Post by Seva Lamberdar Fri Nov 15, 2019 5:29 pm

Seva Lamberdar wrote:Maharashtra state / assembly election mandate of Oct. 24, 2019 (just a few days after the Canadian election on Oct. 21, 2019) in the 288 seat house was as follows (parties with most seats),
BJP = 105 seats; Shiv Sena = 56 seats; Congress = 44 seats; NCP (National Congress Party) = 54

Since no single party received the absolute majority (more than the required 144 seats in the House), there is no new Govt. (including the new Govt. leader or chief minister) so far (as of Nov. 14, 2019). One of the main reasons for this unusual confusion and delay in getting the new Govt. after elections is probably because of the parties not declaring the names of their chief ministerial candidates (potential govt. leaders) before the elections.

Compare the similar results in the Canadian parliamentary elections where no single party won the required absolute majority of seats, but the Liberal Party (with the officially declared prime ministerial candidate Mr. Justin Trudeau) was able to form the Govt. immediately under Mr. Trudeau because of winning more seats in the Parliament than any other party including the Conservative Party which received more number of total votes (but less seats in Parliament) than the Liberal Party.

If the other parties (Shiv Sena, Congress and NCP) had declared the names of their chief ministerial candidates beforehand then, following the BJP chief ministerial candidate's decision to not form the Govt., they would be negotiating directly among themselves now to set up the alliance for new Govt. quickly without waiting for and getting remote instructions from non-players (non-participants in elections).

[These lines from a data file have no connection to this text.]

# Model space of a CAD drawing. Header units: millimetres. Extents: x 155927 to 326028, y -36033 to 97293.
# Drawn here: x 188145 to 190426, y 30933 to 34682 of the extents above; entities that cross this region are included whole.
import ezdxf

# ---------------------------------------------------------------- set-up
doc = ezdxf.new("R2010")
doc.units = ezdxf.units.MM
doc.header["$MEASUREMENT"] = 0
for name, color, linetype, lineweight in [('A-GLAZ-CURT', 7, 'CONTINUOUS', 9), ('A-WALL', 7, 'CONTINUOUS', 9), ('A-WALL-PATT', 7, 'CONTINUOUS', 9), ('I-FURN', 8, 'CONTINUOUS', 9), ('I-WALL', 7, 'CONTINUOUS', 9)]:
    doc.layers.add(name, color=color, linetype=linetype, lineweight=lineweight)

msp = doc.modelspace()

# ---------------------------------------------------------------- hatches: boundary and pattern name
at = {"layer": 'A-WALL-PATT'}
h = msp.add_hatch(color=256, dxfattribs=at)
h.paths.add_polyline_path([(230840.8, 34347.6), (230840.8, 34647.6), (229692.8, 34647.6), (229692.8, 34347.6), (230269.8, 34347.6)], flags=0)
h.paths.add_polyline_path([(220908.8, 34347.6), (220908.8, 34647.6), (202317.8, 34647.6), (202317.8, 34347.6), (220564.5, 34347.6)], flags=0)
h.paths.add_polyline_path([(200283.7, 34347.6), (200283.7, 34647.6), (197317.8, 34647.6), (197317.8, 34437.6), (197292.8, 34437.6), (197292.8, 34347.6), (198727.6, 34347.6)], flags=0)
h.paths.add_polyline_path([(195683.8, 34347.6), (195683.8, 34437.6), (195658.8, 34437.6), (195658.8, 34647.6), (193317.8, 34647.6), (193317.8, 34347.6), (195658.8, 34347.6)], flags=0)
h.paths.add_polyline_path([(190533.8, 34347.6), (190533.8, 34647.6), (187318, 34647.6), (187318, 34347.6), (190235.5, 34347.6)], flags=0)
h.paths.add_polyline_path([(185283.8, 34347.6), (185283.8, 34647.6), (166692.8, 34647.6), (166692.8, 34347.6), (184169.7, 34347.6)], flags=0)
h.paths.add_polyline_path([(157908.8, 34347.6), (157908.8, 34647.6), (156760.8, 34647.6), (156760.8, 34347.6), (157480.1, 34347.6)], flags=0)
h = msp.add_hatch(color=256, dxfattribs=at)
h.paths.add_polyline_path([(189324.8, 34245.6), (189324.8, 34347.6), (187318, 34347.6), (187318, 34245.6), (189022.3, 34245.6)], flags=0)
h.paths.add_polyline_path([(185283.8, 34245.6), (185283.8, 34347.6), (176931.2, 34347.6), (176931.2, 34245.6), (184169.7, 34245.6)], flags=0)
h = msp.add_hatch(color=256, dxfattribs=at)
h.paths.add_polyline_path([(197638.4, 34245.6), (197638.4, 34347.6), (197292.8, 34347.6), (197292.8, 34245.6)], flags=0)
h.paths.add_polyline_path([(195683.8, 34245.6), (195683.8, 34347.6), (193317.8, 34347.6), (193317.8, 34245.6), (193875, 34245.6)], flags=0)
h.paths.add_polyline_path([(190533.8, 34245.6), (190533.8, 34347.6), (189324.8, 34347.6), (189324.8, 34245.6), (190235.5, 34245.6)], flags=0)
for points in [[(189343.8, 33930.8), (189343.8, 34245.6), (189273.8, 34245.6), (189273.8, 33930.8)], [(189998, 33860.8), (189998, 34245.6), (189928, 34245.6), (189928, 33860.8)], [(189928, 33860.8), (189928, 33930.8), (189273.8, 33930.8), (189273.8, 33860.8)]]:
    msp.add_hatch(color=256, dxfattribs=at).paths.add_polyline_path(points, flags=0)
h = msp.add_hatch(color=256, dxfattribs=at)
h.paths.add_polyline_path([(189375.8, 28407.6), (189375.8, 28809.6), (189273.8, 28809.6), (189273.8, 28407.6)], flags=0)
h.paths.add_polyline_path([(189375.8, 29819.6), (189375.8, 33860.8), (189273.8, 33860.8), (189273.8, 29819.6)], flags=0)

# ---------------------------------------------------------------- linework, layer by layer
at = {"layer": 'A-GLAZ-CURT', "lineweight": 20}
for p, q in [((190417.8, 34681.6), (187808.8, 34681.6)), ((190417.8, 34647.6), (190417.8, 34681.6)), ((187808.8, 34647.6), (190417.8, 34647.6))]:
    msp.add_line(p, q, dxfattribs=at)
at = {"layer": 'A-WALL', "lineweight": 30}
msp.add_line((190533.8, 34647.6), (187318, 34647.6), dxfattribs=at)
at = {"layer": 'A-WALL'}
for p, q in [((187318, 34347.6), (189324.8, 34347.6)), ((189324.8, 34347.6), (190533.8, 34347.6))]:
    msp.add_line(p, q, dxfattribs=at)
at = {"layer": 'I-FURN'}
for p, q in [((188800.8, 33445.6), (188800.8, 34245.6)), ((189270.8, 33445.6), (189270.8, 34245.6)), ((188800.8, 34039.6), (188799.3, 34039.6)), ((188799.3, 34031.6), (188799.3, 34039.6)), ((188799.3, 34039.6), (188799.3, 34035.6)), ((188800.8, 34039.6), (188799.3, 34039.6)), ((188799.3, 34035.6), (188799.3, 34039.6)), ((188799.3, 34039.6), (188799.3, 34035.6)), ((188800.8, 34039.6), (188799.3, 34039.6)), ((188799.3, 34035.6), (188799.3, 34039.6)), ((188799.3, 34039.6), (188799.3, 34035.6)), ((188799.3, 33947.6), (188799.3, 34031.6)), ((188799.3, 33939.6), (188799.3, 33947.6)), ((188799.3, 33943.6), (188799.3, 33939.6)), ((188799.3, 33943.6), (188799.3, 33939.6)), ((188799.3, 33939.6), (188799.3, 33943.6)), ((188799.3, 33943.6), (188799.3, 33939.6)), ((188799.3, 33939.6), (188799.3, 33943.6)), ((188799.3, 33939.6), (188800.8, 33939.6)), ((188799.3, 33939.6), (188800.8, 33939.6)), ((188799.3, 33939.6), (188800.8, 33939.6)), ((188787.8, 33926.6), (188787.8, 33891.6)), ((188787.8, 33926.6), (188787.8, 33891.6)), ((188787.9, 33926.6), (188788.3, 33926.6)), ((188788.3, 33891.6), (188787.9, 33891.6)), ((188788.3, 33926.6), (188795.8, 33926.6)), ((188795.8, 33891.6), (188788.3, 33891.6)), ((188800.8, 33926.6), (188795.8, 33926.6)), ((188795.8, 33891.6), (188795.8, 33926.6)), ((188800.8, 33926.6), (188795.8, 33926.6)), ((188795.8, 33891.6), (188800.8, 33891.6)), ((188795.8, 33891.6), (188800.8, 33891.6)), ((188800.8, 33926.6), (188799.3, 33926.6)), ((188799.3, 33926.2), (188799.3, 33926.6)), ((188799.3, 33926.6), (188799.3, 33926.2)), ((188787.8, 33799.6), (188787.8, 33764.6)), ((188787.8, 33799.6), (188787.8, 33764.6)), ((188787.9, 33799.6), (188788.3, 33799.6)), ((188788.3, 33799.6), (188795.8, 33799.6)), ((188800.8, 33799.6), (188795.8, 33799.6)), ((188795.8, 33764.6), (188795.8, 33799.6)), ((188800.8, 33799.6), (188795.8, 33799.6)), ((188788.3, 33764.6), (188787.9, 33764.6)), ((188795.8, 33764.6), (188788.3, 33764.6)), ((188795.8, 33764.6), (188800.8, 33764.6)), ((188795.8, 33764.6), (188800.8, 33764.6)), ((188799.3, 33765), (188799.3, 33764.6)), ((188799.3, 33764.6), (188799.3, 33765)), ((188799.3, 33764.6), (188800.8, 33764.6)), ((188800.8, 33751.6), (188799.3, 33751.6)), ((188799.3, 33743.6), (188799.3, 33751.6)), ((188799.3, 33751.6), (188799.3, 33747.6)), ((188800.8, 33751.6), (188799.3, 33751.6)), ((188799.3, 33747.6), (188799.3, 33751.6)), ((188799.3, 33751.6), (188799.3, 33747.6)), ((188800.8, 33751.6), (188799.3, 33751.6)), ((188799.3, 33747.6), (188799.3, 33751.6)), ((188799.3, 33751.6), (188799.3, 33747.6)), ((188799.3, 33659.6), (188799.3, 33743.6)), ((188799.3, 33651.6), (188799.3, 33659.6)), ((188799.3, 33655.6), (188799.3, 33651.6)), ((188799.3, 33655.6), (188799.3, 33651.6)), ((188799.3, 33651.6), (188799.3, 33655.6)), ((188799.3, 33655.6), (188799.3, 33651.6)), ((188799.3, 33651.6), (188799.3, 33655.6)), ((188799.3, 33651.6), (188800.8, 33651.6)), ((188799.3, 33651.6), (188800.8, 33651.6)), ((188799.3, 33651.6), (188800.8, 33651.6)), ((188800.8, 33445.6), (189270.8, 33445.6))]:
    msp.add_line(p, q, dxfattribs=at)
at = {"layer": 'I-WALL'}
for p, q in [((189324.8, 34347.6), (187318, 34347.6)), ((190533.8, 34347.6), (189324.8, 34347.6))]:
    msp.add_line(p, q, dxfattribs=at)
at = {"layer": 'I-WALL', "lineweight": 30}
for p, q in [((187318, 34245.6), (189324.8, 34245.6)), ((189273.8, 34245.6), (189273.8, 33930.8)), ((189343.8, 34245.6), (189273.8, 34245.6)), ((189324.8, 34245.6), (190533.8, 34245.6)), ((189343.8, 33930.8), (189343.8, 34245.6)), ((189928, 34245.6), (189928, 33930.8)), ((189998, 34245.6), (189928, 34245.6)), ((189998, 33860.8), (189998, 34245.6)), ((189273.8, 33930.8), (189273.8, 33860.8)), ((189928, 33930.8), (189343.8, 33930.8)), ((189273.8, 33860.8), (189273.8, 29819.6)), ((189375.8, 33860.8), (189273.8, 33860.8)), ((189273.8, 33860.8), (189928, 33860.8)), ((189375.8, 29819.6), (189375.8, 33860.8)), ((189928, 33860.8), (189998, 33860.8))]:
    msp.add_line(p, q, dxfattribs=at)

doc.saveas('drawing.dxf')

Just look at the election results in Canada recently with similar outcome of no party winning the absolute majority. The entire next step for new Govt. involved only Mr. Trudeau, Mr. Scheer and Mr. Singh (the prime ministerial candidates from Liberal Party, Conservative Party and New Democratic Party, respectively) and the nation had the final decision on new prime minister (Mr. Trudeau) in just 3 days.